14.3     The parties shall be entitled to discovery in like manner as if the
         arbitration were a civil suit in the California Superior Court. The
         Arbitrator may limit the scope, time and/or issues involved in
         discovery.

14.4     Any arbitration shall be held at Stanford, California, unless the
         parties hereto mutually agree in writing to another place.

15.  NOTICES

All notices under this Agreement shall be deemed to have been fully given when
done in writing and deposited in the United States mail, registered or
certified, and addressed as follows:



                              To STANFORD:        Office of Technology Licensing
                                                  Stanford University
                                                  900 Welch Road, Suite 350
                                                  Palo Alto, CA  94304-1850
                                                  Phone:  (650) 723-0651
                                                  Fax:    (650) 725-7295

                              Attention:          Director

                              To LICENSEE:        Transgenomic, Inc.
                                                  5600 South 42nd Street
                                                  Omaha, Nebraska  68107
                                                  Phone:  (402) 738-5480
                                                  Fax:    (402) 733-1264

                              Attention:          P. Thomas Pogge
                                                  General Counsel


Either party may change its address upon written notice to the other party.

16.  WAIVER

None of the terms of this Agreement can be waived except by the written consent
of the party waiving compliance.

17.  APPLICABLE LAW

This Agreement shall be governed by the laws of the State of California
applicable to agreements negotiated, executed and performed wholly within
California.

This Agreement constitutes the entire agreement between LICENSEE and STANFORD
and supersedes all prior communications, understandings and agreements with
respect to all matters covered in the Agreement. 

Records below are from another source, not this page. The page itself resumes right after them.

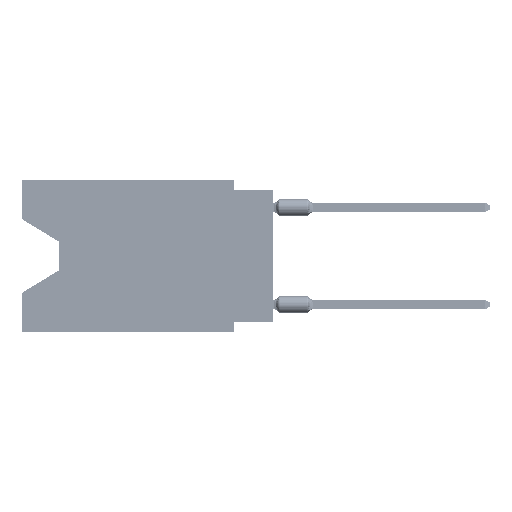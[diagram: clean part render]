
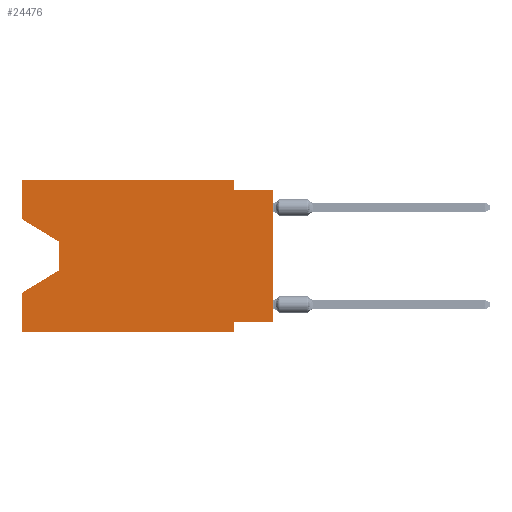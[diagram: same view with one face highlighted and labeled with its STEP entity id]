
A CAD part, left-side view. The second image highlights one B-rep face of the part: STEP entity #24476.
In plain terms, the highlighted planar face has unit normal (-1, 0, 0).
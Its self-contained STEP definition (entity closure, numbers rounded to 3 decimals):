
#705 = EDGE_CURVE ( 'NONE', #31213, #34418, #21289, .T. ) ;
#974 = EDGE_CURVE ( 'NONE', #13387, #59366, #31774, .T. ) ;
#1394 = CARTESIAN_POINT ( 'NONE',  ( 0., 16.383, 0. ) ) ;
#1817 = EDGE_CURVE ( 'NONE', #59366, #16835, #17798, .T. ) ;
#2187 = LINE ( 'NONE', #1394, #61026 ) ;
#4019 = CARTESIAN_POINT ( 'NONE',  ( 0., 16.383, 0. ) ) ;
#4352 = EDGE_CURVE ( 'NONE', #26943, #13387, #52416, .T. ) ;
#4617 = EDGE_CURVE ( 'NONE', #68822, #67173, #64819, .T. ) ;
#6448 = VERTEX_POINT ( 'NONE', #59132 ) ;
#9067 = VERTEX_POINT ( 'NONE', #72216 ) ;
#9793 = EDGE_CURVE ( 'NONE', #40972, #9067, #36186, .T. ) ;
#11703 = ORIENTED_EDGE ( 'NONE', *, *, #705, .F. ) ;
#11810 = DIRECTION ( 'NONE',  ( 0., 0., -1. ) ) ;
#12210 = VECTOR ( 'NONE', #78404, 1000. ) ;
#12500 = CARTESIAN_POINT ( 'NONE',  ( 0., 13.97, -5.893 ) ) ;
#13387 = VERTEX_POINT ( 'NONE', #79795 ) ;
#13681 = PLANE ( 'NONE',  #47247 ) ;
#13839 = DIRECTION ( 'NONE',  ( 0., 0., -1. ) ) ;
#15383 = DIRECTION ( 'NONE',  ( 0., 1., 0. ) ) ;
#15870 = CARTESIAN_POINT ( 'NONE',  ( 0., 16.383, -2.546 ) ) ;
#16611 = VECTOR ( 'NONE', #41549, 1000. ) ;
#16835 = VERTEX_POINT ( 'NONE', #37278 ) ;
#17692 = LINE ( 'NONE', #59532, #23645 ) ;
#17798 = LINE ( 'NONE', #12500, #19870 ) ;
#18940 = CARTESIAN_POINT ( 'NONE',  ( 0., 0., -0.635 ) ) ;
#19870 = VECTOR ( 'NONE', #62036, 1000. ) ;
#21289 = LINE ( 'NONE', #27767, #48213 ) ;
#22594 = VECTOR ( 'NONE', #13839, 1000. ) ;
#22887 = CARTESIAN_POINT ( 'NONE',  ( 0., 16.383, 0. ) ) ;
#23064 = EDGE_CURVE ( 'NONE', #6448, #67173, #72671, .T. ) ;
#23604 = ORIENTED_EDGE ( 'NONE', *, *, #49724, .F. ) ;
#23645 = VECTOR ( 'NONE', #47752, 1000. ) ;
#24081 = ORIENTED_EDGE ( 'NONE', *, *, #54480, .F. ) ;
#24476 = ADVANCED_FACE ( 'NONE', ( #44535 ), #13681, .F. ) ;
#26603 = ORIENTED_EDGE ( 'NONE', *, *, #4352, .T. ) ;
#26671 = CARTESIAN_POINT ( 'NONE',  ( 0., 16.383, 0. ) ) ;
#26943 = VERTEX_POINT ( 'NONE', #45371 ) ;
#27767 = CARTESIAN_POINT ( 'NONE',  ( 0., 16.383, 0. ) ) ;
#27943 = EDGE_CURVE ( 'NONE', #49595, #16835, #2187, .T. ) ;
#30337 = EDGE_CURVE ( 'NONE', #49595, #9067, #17692, .T. ) ;
#30976 = CARTESIAN_POINT ( 'NONE',  ( 0., 13.97, -4.013 ) ) ;
#31213 = VERTEX_POINT ( 'NONE', #4019 ) ;
#31536 = CARTESIAN_POINT ( 'NONE',  ( 0., 0., -9.271 ) ) ;
#31658 = DIRECTION ( 'NONE',  ( 0., 0., 1. ) ) ;
#31774 = LINE ( 'NONE', #30976, #43043 ) ;
#32903 = ORIENTED_EDGE ( 'NONE', *, *, #4617, .T. ) ;
#33998 = ORIENTED_EDGE ( 'NONE', *, *, #974, .T. ) ;
#34418 = VERTEX_POINT ( 'NONE', #59617 ) ;
#34818 = ORIENTED_EDGE ( 'NONE', *, *, #1817, .T. ) ;
#36186 = LINE ( 'NONE', #41856, #51709 ) ;
#37033 = VECTOR ( 'NONE', #15383, 1000. ) ;
#37220 = ORIENTED_EDGE ( 'NONE', *, *, #67020, .F. ) ;
#37278 = CARTESIAN_POINT ( 'NONE',  ( 0., 16.383, -7.36 ) ) ;
#40731 = VECTOR ( 'NONE', #31658, 1000. ) ;
#40972 = VERTEX_POINT ( 'NONE', #67685 ) ;
#41005 = CARTESIAN_POINT ( 'NONE',  ( 0., 0., -0.635 ) ) ;
#41549 = DIRECTION ( 'NONE',  ( 0., 0., 1. ) ) ;
#41856 = CARTESIAN_POINT ( 'NONE',  ( 0., 2.54, -9.906 ) ) ;
#43043 = VECTOR ( 'NONE', #55731, 1000. ) ;
#44535 = FACE_OUTER_BOUND ( 'NONE', #59460, .T. ) ;
#44695 = LINE ( 'NONE', #69461, #22594 ) ;
#45371 = CARTESIAN_POINT ( 'NONE',  ( 0., 16.383, -2.546 ) ) ;
#47247 = AXIS2_PLACEMENT_3D ( 'NONE', #26671, #69304, #51431 ) ;
#47752 = DIRECTION ( 'NONE',  ( 0., -1., 0. ) ) ;
#47771 = ORIENTED_EDGE ( 'NONE', *, *, #23064, .F. ) ;
#48213 = VECTOR ( 'NONE', #77326, 1000. ) ;
#49595 = VERTEX_POINT ( 'NONE', #79093 ) ;
#49724 = EDGE_CURVE ( 'NONE', #26943, #31213, #79298, .T. ) ;
#51431 = DIRECTION ( 'NONE',  ( 0., 0., -1. ) ) ;
#51709 = VECTOR ( 'NONE', #11810, 1000. ) ;
#52327 = CARTESIAN_POINT ( 'NONE',  ( 0., 0., -9.271 ) ) ;
#52416 = LINE ( 'NONE', #15870, #12210 ) ;
#53653 = ORIENTED_EDGE ( 'NONE', *, *, #9793, .F. ) ;
#54480 = EDGE_CURVE ( 'NONE', #68822, #40972, #77916, .T. ) ;
#55731 = DIRECTION ( 'NONE',  ( 0., 0., -1. ) ) ;
#56009 = CARTESIAN_POINT ( 'NONE',  ( 0., 0., 0. ) ) ;
#59132 = CARTESIAN_POINT ( 'NONE',  ( 0., 2.54, -0.635 ) ) ;
#59366 = VERTEX_POINT ( 'NONE', #78562 ) ;
#59460 = EDGE_LOOP ( 'NONE', ( #26603, #33998, #34818, #64627, #79959, #53653, #24081, #32903, #47771, #37220, #11703, #23604 ) ) ;
#59532 = CARTESIAN_POINT ( 'NONE',  ( 0., 16.383, -9.906 ) ) ;
#59617 = CARTESIAN_POINT ( 'NONE',  ( 0., 2.54, 0. ) ) ;
#61026 = VECTOR ( 'NONE', #62692, 1000. ) ;
#62036 = DIRECTION ( 'NONE',  ( 0., 0.855, -0.519 ) ) ;
#62692 = DIRECTION ( 'NONE',  ( 0., 0., 1. ) ) ;
#64627 = ORIENTED_EDGE ( 'NONE', *, *, #27943, .F. ) ;
#64819 = LINE ( 'NONE', #56009, #40731 ) ;
#66175 = DIRECTION ( 'NONE',  ( 0., -1., 0. ) ) ;
#67020 = EDGE_CURVE ( 'NONE', #34418, #6448, #44695, .T. ) ;
#67173 = VERTEX_POINT ( 'NONE', #18940 ) ;
#67685 = CARTESIAN_POINT ( 'NONE',  ( 0., 2.54, -9.271 ) ) ;
#68822 = VERTEX_POINT ( 'NONE', #31536 ) ;
#69304 = DIRECTION ( 'NONE',  ( 1., 0., 0. ) ) ;
#69461 = CARTESIAN_POINT ( 'NONE',  ( 0., 2.54, 0. ) ) ;
#72216 = CARTESIAN_POINT ( 'NONE',  ( 0., 2.54, -9.906 ) ) ;
#72671 = LINE ( 'NONE', #41005, #75658 ) ;
#75658 = VECTOR ( 'NONE', #66175, 1000. ) ;
#77326 = DIRECTION ( 'NONE',  ( 0., -1., 0. ) ) ;
#77916 = LINE ( 'NONE', #52327, #37033 ) ;
#78404 = DIRECTION ( 'NONE',  ( 0., -0.855, -0.519 ) ) ;
#78562 = CARTESIAN_POINT ( 'NONE',  ( 0., 13.97, -5.893 ) ) ;
#79093 = CARTESIAN_POINT ( 'NONE',  ( 0., 16.383, -9.906 ) ) ;
#79298 = LINE ( 'NONE', #22887, #16611 ) ;
#79795 = CARTESIAN_POINT ( 'NONE',  ( 0., 13.97, -4.013 ) ) ;
#79959 = ORIENTED_EDGE ( 'NONE', *, *, #30337, .T. ) ;

IN WITNESS WHEREOF, the parties hereto have executed this Agreement in duplicate
originals by their duly authorized officers or representatives.


                           THE BOARD OF TRUSTEES OF THE LELAND
                           STANFORD JUNIOR UNIVERSITY

                           Signature        /s/ Katharine Ku
                                            --------------------------------
                           Name             Katharine Ku
                                            --------------------------------
                           Title            Director, Technology Licensing
                                            --------------------------------
                           Date             August 25, 1997
                                            --------------------------------

                           LICENSEE

                           Signature        /s/ Collin D'Silva
                                            --------------------------------
                           Name             Collin D'Silva
                                            --------------------------------
                           Title            Chief Executive Officer
                                            --------------------------------
                           Date             August 28, 1997
                                            --------------------------------

** Certain confidential portions of this Exhibit were omitted by means of
redacting a portion of the text indicated by two double-stricken through
asterisks "**". This Exhibit has been filed separately with the Secretary of the
Commission without the ** pursuant to the Registrant's Application Requesting
Confidential Treatment under Rule 406 of the Securities Act.